Beckett originally conceived of Didi and Gogo as clowns, not tramps. He makes frequent use of “low comedy” techniques, vaudeville routines, and Commedia lazzi. Some of the traditional bits used are:

Didi makes Gogo pull up his trouser leg so they can see the wound from Lucky’s kick. The actions are those found in burlesque with Didi holding up Gogo’s leg while Gogo can hardly keep his balance. Against this background of farcical comedy is the contrasting idea of the metaphysical and spiritual wounds that man carries about with him.

Didi has found Lucky’s hat and, in the tradition of burlesque, there follows an exchange-of-hats act between Didi and Gogo. Didi gives his own hat to Gogo and replaces it with Lucky’s. Gogo then does the same, offering his hat to Didi, who replaces it for Lucky’s and hands Lucky’s hat to Gogo, who replaces it for Didi’s and so on. Here is the cyclical, endless nature of life. It is also empty and fruitless, since the hats are all identical bowlers. No advancement is made, but no loss either.

Didi suggests to Gogo: “Lets abuse each other.” There follows in rapid succession a series of name-calling. This form of insult one-upmanship is common in music-hall comic routines. This is followed by the two “doing their exercises,” described in a stychomythic exchange. Both of these comic interludes are attempts to pass the time while they wait. The play is about what happens while waiting for Godot. Both attempts end without any consequences--except that they passed some time.

Lucky falls and drags Pozzo with him. Didi and Gogo try to help them up, with the result that all four end up on the ground. Except for being under it, this is the lowest point on earth the four could be. This is “low” comedy at its most literal.

When the clown/tramps attempt to hang themselves using the cord Gogo uses to hold up his pants, the cord breaks, and Gogo loses his pants. In what ought to have been the most sublime moment in their lives--an attempt to take control of their existence--Gogo suffers the rudest indignity: his pants fall down, and he doesn't even notice. It’s the emperor’s new clothes in reverse.

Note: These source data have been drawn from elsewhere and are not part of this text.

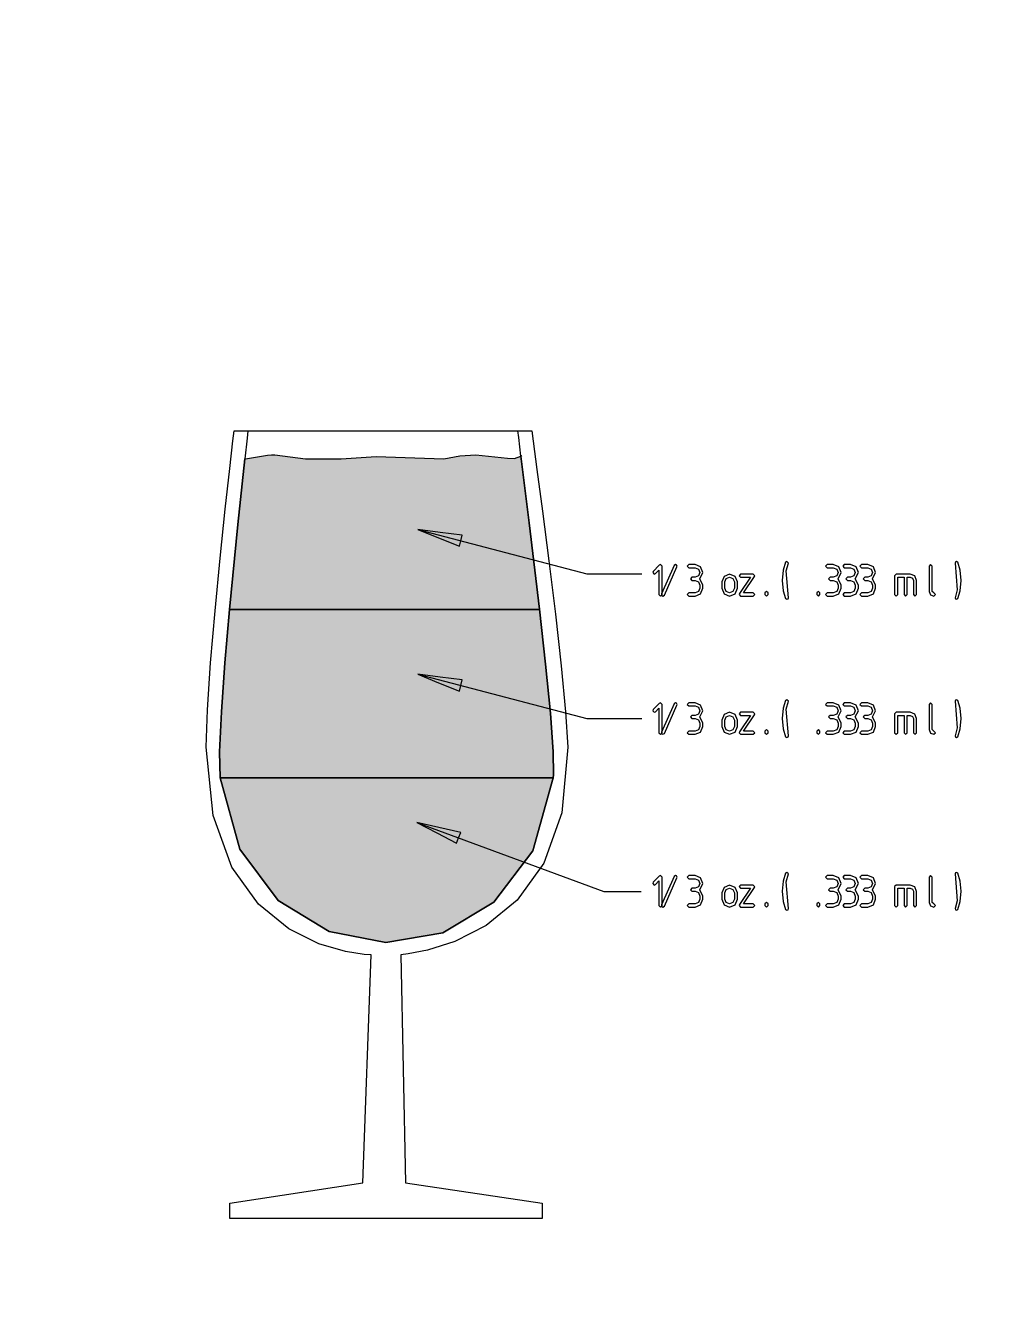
# Model space of a CAD drawing. Header units: metres. Extents: x 0 to 16.5, y 0 to 11.5.
# Drawn here: x 9.955 to 11.524, y 2.163 to 4.237 of the extents above; entities that cross this region are included whole.
import ezdxf

# ---------------------------------------------------------------- set-up
doc = ezdxf.new("R2010")
doc.units = ezdxf.units.M
for name, color, linetype in [('creme de yvette', 171, 'Continuous'), ('fresh cream', 141, 'Continuous'), ('grenadine', 40, 'Continuous'), ('tonic', 63, 'Continuous')]:
    doc.layers.add(name, color=color, linetype=linetype)

msp = doc.modelspace()

# ---------------------------------------------------------------- hatches: boundary and pattern name
h = msp.add_hatch()
h.set_pattern_fill('AR-CONC', color=256, scale=0.0007, style=0)
h.set_pattern_definition([(50, (2.31049, 0.84261), (0.1275293, -0.0111574), [0.013335, -0.146685]), (355, (2.31049, 0.84261), (-0.02467, 0.1337397), [0.010668, -0.117348]), (100.451, (2.32112, 0.84168), (0.1028598, 0.1225817), [0.011333, -0.124663]), (46.1842, (2.31049, 0.87817), (0.1897553, -0.0294296), [0.0200025, -0.2200275]), (96.6356, (2.3263, 0.87572), (0.166183, 0.173198), [0.0169995, -0.1869945]), (351.184, (2.31049, 0.87817), (0.1661832, 0.1731976), [0.016002, -0.176022]), (21, (2.32827, 0.86928), (0.1061304, -0.0715859), [0.013335, -0.146685]), (326, (2.32827, 0.86928), (0.0432614, 0.1289316), [0.010668, -0.117348]), (71.4514, (2.33711, 0.86332), (0.1493915, 0.057346), [0.011333, -0.124663]), (37.5, (2.31049, 0.84261), (0.00216202, 0.05918853), [0, -0.1159256, 0, -0.119126, 0, -0.1177925]), (7.5, (2.31049, 0.84261), (0.04677376, 0.0701264), [0, -0.0679196, 0, -0.1132586, 0, -0.0448945]), (327.5, (2.27084, 0.84261), (0.09491342, -0.00401012), [0, -0.04445, 0, -0.138684, 0, -0.184023]), (317.5, (2.25306, 0.84261), (0.1036904, 0.01779854), [0, -0.057785, 0, -0.0921004, 0, -0.130683])])
h.paths.add_polyline_path([(13.8208, 3.7266), (13.4233, 3.7266), (13.4233, 3.5566), (13.8208, 3.5566)])
h.paths.add_polyline_path([(3.0762, 1.2703), (3.0756, 1.2705), (3.0569, 1.2658), (3.0362, 1.2666), (2.949, 1.2715), (2.9053, 1.2699), (2.8613, 1.2652), (2.6755, 1.2691), (2.5787, 1.265), (2.481, 1.2652), (2.3964, 1.2718), (2.383, 1.2726), (2.3695, 1.2734), (2.3492, 1.2718), (2.3159, 1.2652), (2.3105, 1.2644), (2.373, 0.8426), (2.4879, 0.8426), (2.4444, 0.8844), (2.4768, 1.0338), (2.6259, 1.0745), (2.5902, 0.9283), (2.6609, 0.8602), (2.7675, 0.9261), (2.9002, 0.847), (2.9002, 0.8426), (3.0065, 0.8426)])
h.paths.add_polyline_path([(2.4649, 0.9893), (2.4299, 0.9981), (2.3948, 1.0069), (2.3983, 1.0156), (2.4017, 1.0242), (2.4333, 1.0068)], flags=16)
edge = h.paths.add_edge_path()
edge.add_line((7.1649, 3.5007), (7.1955, 3.5073))
edge.add_line((7.1955, 3.5073), (7.2142, 3.5089))
edge.add_line((7.2142, 3.5089), (7.2267, 3.5081))
edge.add_line((7.2267, 3.5081), (7.239, 3.5073))
edge.add_line((7.239, 3.5073), (7.3169, 3.5007))
edge.add_line((7.3169, 3.5007), (7.4069, 3.5006))
edge.add_line((7.4069, 3.5006), (7.496, 3.5047))
edge.add_line((7.496, 3.5047), (7.667, 3.5007))
edge.add_line((7.667, 3.5007), (7.7075, 3.5054))
edge.add_line((7.7075, 3.5054), (7.7479, 3.507))
edge.add_line((7.7479, 3.507), (7.8282, 3.5021))
edge.add_line((7.8282, 3.5021), (7.8461, 3.5014))
edge.add_line((7.8461, 3.5014), (7.8629, 3.5051))
edge.add_line((7.8629, 3.5051), (7.8643, 3.5061))
at = {"layer": 'creme de yvette'}
h = msp.add_hatch(dxfattribs=at)
h.set_pattern_fill('ZIGZAG', color=256, scale=0.0085, style=0)
h.set_pattern_definition([(0, (19.297274, 6.429678), (0.0269875, 0.0269875), [0.0269875, -0.0269875]), (90, (19.324261, 6.429678), (-0.0269875, 0.0269875), [0.0269875, -0.0269875])])
h.paths.add_polyline_path([(10.6548, 3.4083), (10.6526, 3.3996), (10.619, 3.413), (10.5855, 3.4264), (10.6214, 3.422), (10.6572, 3.4176), (10.6548, 3.4083), (10.772, 3.3776), (10.7649, 3.4374), (10.7516, 3.5443), (10.7413, 3.5407), (10.7298, 3.5415), (10.6788, 3.5464), (10.6532, 3.5448), (10.6276, 3.5401), (10.5189, 3.5441), (10.4622, 3.54), (10.405, 3.5401), (10.3556, 3.5467), (10.3504, 3.5467), (10.3438, 3.5459), (10.3313, 3.5439), (10.3085, 3.5401), (10.3074, 3.5402), (10.2963, 3.4344), (10.2831, 3.2981), (10.7805, 3.2981), (10.7815, 3.2983), (10.772, 3.3776)])
h.paths.add_polyline_path([(10.6548, 3.4083), (10.5855, 3.4264), (10.619, 3.413), (10.6526, 3.3996)], flags=17)
h.paths.add_polyline_path([(10.6572, 3.4176), (10.6214, 3.422), (10.5855, 3.4264), (10.6548, 3.4083), (10.6549, 3.4086)], flags=17)
h.paths.add_polyline_path([(15.4997, 7.7724), (15.1024, 7.7724), (15.1024, 7.6024), (15.4997, 7.6024)])
h.paths.add_polyline_path([(9.1256, 3.1245), (9.1237, 3.1155), (9.0896, 3.1271), (9.0554, 3.1387), (9.0914, 3.1362), (9.1274, 3.1338), (9.1256, 3.1245), (9.2534, 3.0986), (9.2468, 3.1721), (8.7243, 3.1721), (8.72, 3.1006), (8.7189, 3.0466), (9.2562, 3.0466), (9.2534, 3.0984), (9.2534, 3.0986)])
h.paths.add_polyline_path([(9.1274, 3.1338), (9.0914, 3.1362), (9.0554, 3.1387), (9.1256, 3.1245), (9.1257, 3.1246)], flags=17)
h.paths.add_polyline_path([(9.1256, 3.1245), (9.0554, 3.1387), (9.0896, 3.1271), (9.1237, 3.1155)], flags=17)
at = {"layer": 'fresh cream'}
h = msp.add_hatch(dxfattribs=at)
h.set_pattern_fill('ZIGZAG', color=256, scale=0.01, angle=45, style=0)
h.set_pattern_definition([(45, (0.762912, 3.02701), (3e-18, 0.04490128), [0.03175, -0.03175]), (135, (0.785363, 3.04946), (-0.04490128, 3e-18), [0.03175, -0.03175])])
h.paths.add_polyline_path([(15.4997, 6.3445), (15.1024, 6.3445), (15.1024, 6.1745), (15.4997, 6.1745)])
h.paths.add_polyline_path([(10.6548, 3.1755), (10.6526, 3.1668), (10.619, 3.1802), (10.5855, 3.1937), (10.6214, 3.1893), (10.6572, 3.1848), (10.6548, 3.1755), (10.7982, 3.138), (10.7911, 3.2102), (10.7815, 3.2981), (10.2831, 3.2981), (10.2756, 3.212), (10.2699, 3.1333), (10.267, 3.0692), (10.2678, 3.027), (10.8034, 3.027), (10.804, 3.0322), (10.8036, 3.069), (10.7989, 3.131), (10.7982, 3.138)])
h.paths.add_polyline_path([(10.6548, 3.1755), (10.5855, 3.1937), (10.619, 3.1802), (10.6526, 3.1668)], flags=17)
h.paths.add_polyline_path([(10.6572, 3.1848), (10.6214, 3.1893), (10.5855, 3.1937), (10.6548, 3.1755), (10.6549, 3.1758)], flags=17)
h.paths.add_polyline_path([(1.0286, 5.5181), (1.0263, 5.5195), (0.9958, 5.5389), (1.0302, 5.528), (1.0353, 5.5264), (1.0871, 5.5911), (0.7629, 5.5911), (0.924, 5.3876)])
h.paths.add_polyline_path([(1.0302, 5.528), (0.9958, 5.5389), (1.0318, 5.5221), (1.0353, 5.5264)], flags=17)
h.paths.add_polyline_path([(0.9958, 5.5389), (1.0263, 5.5195), (1.0286, 5.5181), (1.0318, 5.5221)], flags=17)
h.paths.add_polyline_path([(9.0314, 10.2802), (8.7516, 10.2802), (8.8907, 10.1044), (8.9654, 10.1978), (8.9629, 10.1989), (8.9591, 10.1905), (8.9283, 10.2094), (8.8976, 10.2283), (8.9322, 10.2179), (8.9667, 10.2075), (8.9629, 10.1989), (8.9654, 10.1978)])
h.paths.add_polyline_path([(8.9667, 10.2075), (8.9322, 10.2179), (8.8976, 10.2283), (8.9629, 10.1989)], flags=17)
h.paths.add_polyline_path([(8.9629, 10.1989), (8.9667, 10.2075), (8.9322, 10.2179), (8.8976, 10.2283), (8.9283, 10.2094), (8.9591, 10.1905)], flags=17)
at = {"layer": 'grenadine'}
h = msp.add_hatch(dxfattribs=at)
h.set_pattern_fill('SQUARE', color=256, scale=0.0075, angle=45, style=0)
h.set_pattern_definition([(45, (20.76587, 6.019614), (-0.01683798, 0.01683798), [0.0238125, -0.0238125]), (135, (20.76587, 6.019614), (-0.01683798, -0.01683798), [0.0238125, -0.0238125])])
h.paths.add_polyline_path([(9.1738, 2.8426), (9.1148, 2.8644), (9.1115, 2.8556), (9.0795, 2.8724), (9.0476, 2.8892), (9.0828, 2.8811), (9.118, 2.8731), (9.1148, 2.8644), (9.1738, 2.8426), (9.182, 2.8496), (9.2261, 2.9182), (9.2238, 2.9182), (8.749, 2.9182), (8.7929, 2.8507), (8.8503, 2.8021), (8.9166, 2.7727), (8.9874, 2.7625), (9.0582, 2.7719), (9.1246, 2.8008)])
h.paths.add_polyline_path([(9.1148, 2.8644), (9.118, 2.8731), (9.0828, 2.8811), (9.0476, 2.8892), (9.0795, 2.8724), (9.1115, 2.8556)], flags=17)
h.paths.add_polyline_path([(9.118, 2.8731), (9.0828, 2.8811), (9.0476, 2.8892), (9.1148, 2.8644)], flags=16)
h.paths.add_polyline_path([(10.6513, 2.9308), (10.6513, 2.9307), (10.6481, 2.922), (10.6161, 2.9387), (10.5842, 2.9555), (10.6194, 2.9475), (10.6546, 2.9395), (10.6513, 2.9308), (10.7568, 2.8919), (10.7705, 2.91), (10.8034, 3.027), (10.2678, 3.027), (10.2997, 2.9126), (10.3614, 2.8301), (10.4429, 2.78), (10.5344, 2.7626), (10.6261, 2.7782), (10.7081, 2.8273), (10.7568, 2.8919)])
h.paths.add_polyline_path([(10.6513, 2.9308), (10.5842, 2.9555), (10.6161, 2.9387), (10.6481, 2.922)], flags=17)
h.paths.add_polyline_path([(10.6194, 2.9475), (10.5842, 2.9555), (10.6513, 2.9308), (10.6546, 2.9395)], flags=17)
h.paths.add_polyline_path([(12.4804, 3.3315), (12.4783, 3.397), (11.7778, 3.397), (11.7764, 3.3348), (11.7757, 3.2805), (11.776, 3.2368), (11.7774, 3.2059), (11.7805, 3.1792), (12.4771, 3.1792), (12.4806, 3.2062), (12.4817, 3.233), (12.4816, 3.2735), (12.467, 3.2801), (12.4632, 3.2717), (12.4324, 3.2906), (12.4017, 3.3095), (12.4362, 3.2991), (12.4708, 3.2886), (12.467, 3.2801), (12.4816, 3.2735), (12.4816, 3.2758)])
h.paths.add_polyline_path([(12.4362, 3.2991), (12.4017, 3.3095), (12.467, 3.2801), (12.4708, 3.2886)], flags=16)
h.paths.add_polyline_path([(12.4708, 3.2886), (12.4362, 3.2991), (12.4017, 3.3095), (12.4324, 3.2906), (12.4632, 3.2717), (12.467, 3.2801)], flags=17)
h.paths.add_polyline_path([(13.8208, 8.0104), (13.4233, 8.0104), (13.4233, 7.8404), (13.8208, 7.8404)])
at = {"layer": 'tonic'}
h = msp.add_hatch(dxfattribs=at)
h.set_pattern_fill('TRIANG', color=256, scale=0.01, angle=135, style=0)
h.set_pattern_definition([(195, (15.931805, 4.46975), (-0.0246525, -0.0920044), [0.047625, -0.047625]), (255, (15.931805, 4.46975), (0.0673519, -0.0673519), [0.047625, -0.047625]), (135, (15.91948, 4.42374), (-0.0920044, -0.0246525), [0.047625, -0.047625])])
h.paths.add_polyline_path([(13.8208, 3.7266), (13.4233, 3.7266), (13.4233, 3.5566), (13.8208, 3.5566)])
h.paths.add_polyline_path([(3.0762, 1.2703), (3.0756, 1.2705), (3.0569, 1.2658), (3.0362, 1.2666), (2.949, 1.2715), (2.9053, 1.2699), (2.8613, 1.2652), (2.6755, 1.2691), (2.5787, 1.265), (2.481, 1.2652), (2.3964, 1.2718), (2.383, 1.2726), (2.3695, 1.2734), (2.3492, 1.2718), (2.3159, 1.2652), (2.3105, 1.2644), (2.373, 0.8426), (2.4879, 0.8426), (2.4444, 0.8844), (2.4768, 1.0338), (2.6259, 1.0745), (2.5902, 0.9283), (2.6609, 0.8602), (2.7675, 0.9261), (2.9002, 0.847), (2.9002, 0.8426), (3.0065, 0.8426)])
h.paths.add_polyline_path([(2.4649, 0.9893), (2.4299, 0.9981), (2.3948, 1.0069), (2.3983, 1.0156), (2.4017, 1.0242), (2.4333, 1.0068)], flags=16)
h.paths.add_polyline_path([(2.6259, 1.0745), (2.4768, 1.0338), (2.4444, 0.8844), (2.5902, 0.9283)], flags=17)
h.paths.add_polyline_path([(2.5902, 0.9283), (2.4444, 0.8844), (2.4879, 0.8426), (2.6374, 0.8426), (2.6374, 0.8457), (2.6609, 0.8602)], flags=17)
h.paths.add_polyline_path([(2.6609, 0.8602), (2.6374, 0.8457), (2.6429, 0.8426), (2.6792, 0.8426)], flags=17)
h.paths.add_polyline_path([(2.7252, 0.9), (2.6609, 0.8602), (2.6792, 0.8426), (2.7112, 0.8426)], flags=17)
h.paths.add_polyline_path([(2.7675, 0.9261), (2.7252, 0.9), (2.7112, 0.8426), (2.8928, 0.8426), (2.9002, 0.847)], flags=17)
h.paths.add_polyline_path([(2.3983, 1.0156), (2.3948, 1.0069), (2.4299, 0.9981), (2.4649, 0.9893)], flags=0)
h.paths.add_polyline_path([(2.4017, 1.0242), (2.3983, 1.0156), (2.4649, 0.9893), (2.4333, 1.0068)], flags=0)
edge = h.paths.add_edge_path()
edge.add_line((7.8114, 2.8493), (7.8629, 3.5051))
edge.add_line((7.8629, 3.5051), (7.8651, 3.5332))
edge.add_line((7.2046, 2.8492), (7.8114, 2.8492))
edge.add_line((7.8114, 2.8492), (7.8116, 2.8492))
edge.add_line((7.1607, 3.5332), (7.1628, 3.5005))
edge.add_line((7.1628, 3.5005), (7.2046, 2.8492))
edge.add_line((7.1649, 3.5007), (7.1955, 3.5073))
edge.add_line((7.1955, 3.5073), (7.2142, 3.5089))
edge.add_line((7.2142, 3.5089), (7.2267, 3.5081))
edge.add_line((7.2267, 3.5081), (7.239, 3.5073))
edge.add_line((7.239, 3.5073), (7.3169, 3.5007))
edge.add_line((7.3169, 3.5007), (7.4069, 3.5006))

Aside from these specific examples of music-hall and burlesque routines, there are many occasions for mime, pantomime, and visual lazzi. Gogo’s constant examination of his feet, Didi’s playing with his hat and his urinary problems, Pozzo’s feasting on chicken legs--all are fertile ground for great comic turns. Beckett was taken with the Marx Brothers and his movie Film starred Buster Keaton, the great silent-movie pantomimist; it stands to reason that Godot should make frequent use of the comic acting techniques of this genre. It is not for nothing that his characters so closely resemble Chaplin’s “Little Tramp.” It should also not be surprising that the roles of Didi and Gogo have been played by some of the greatest vaudeville clowns, circus mimes, and stage comics we've produced: Bert Lahr, Zero Mostel, Steve Martin, Robin Williams, Nathan Lane, and Bill Irwin.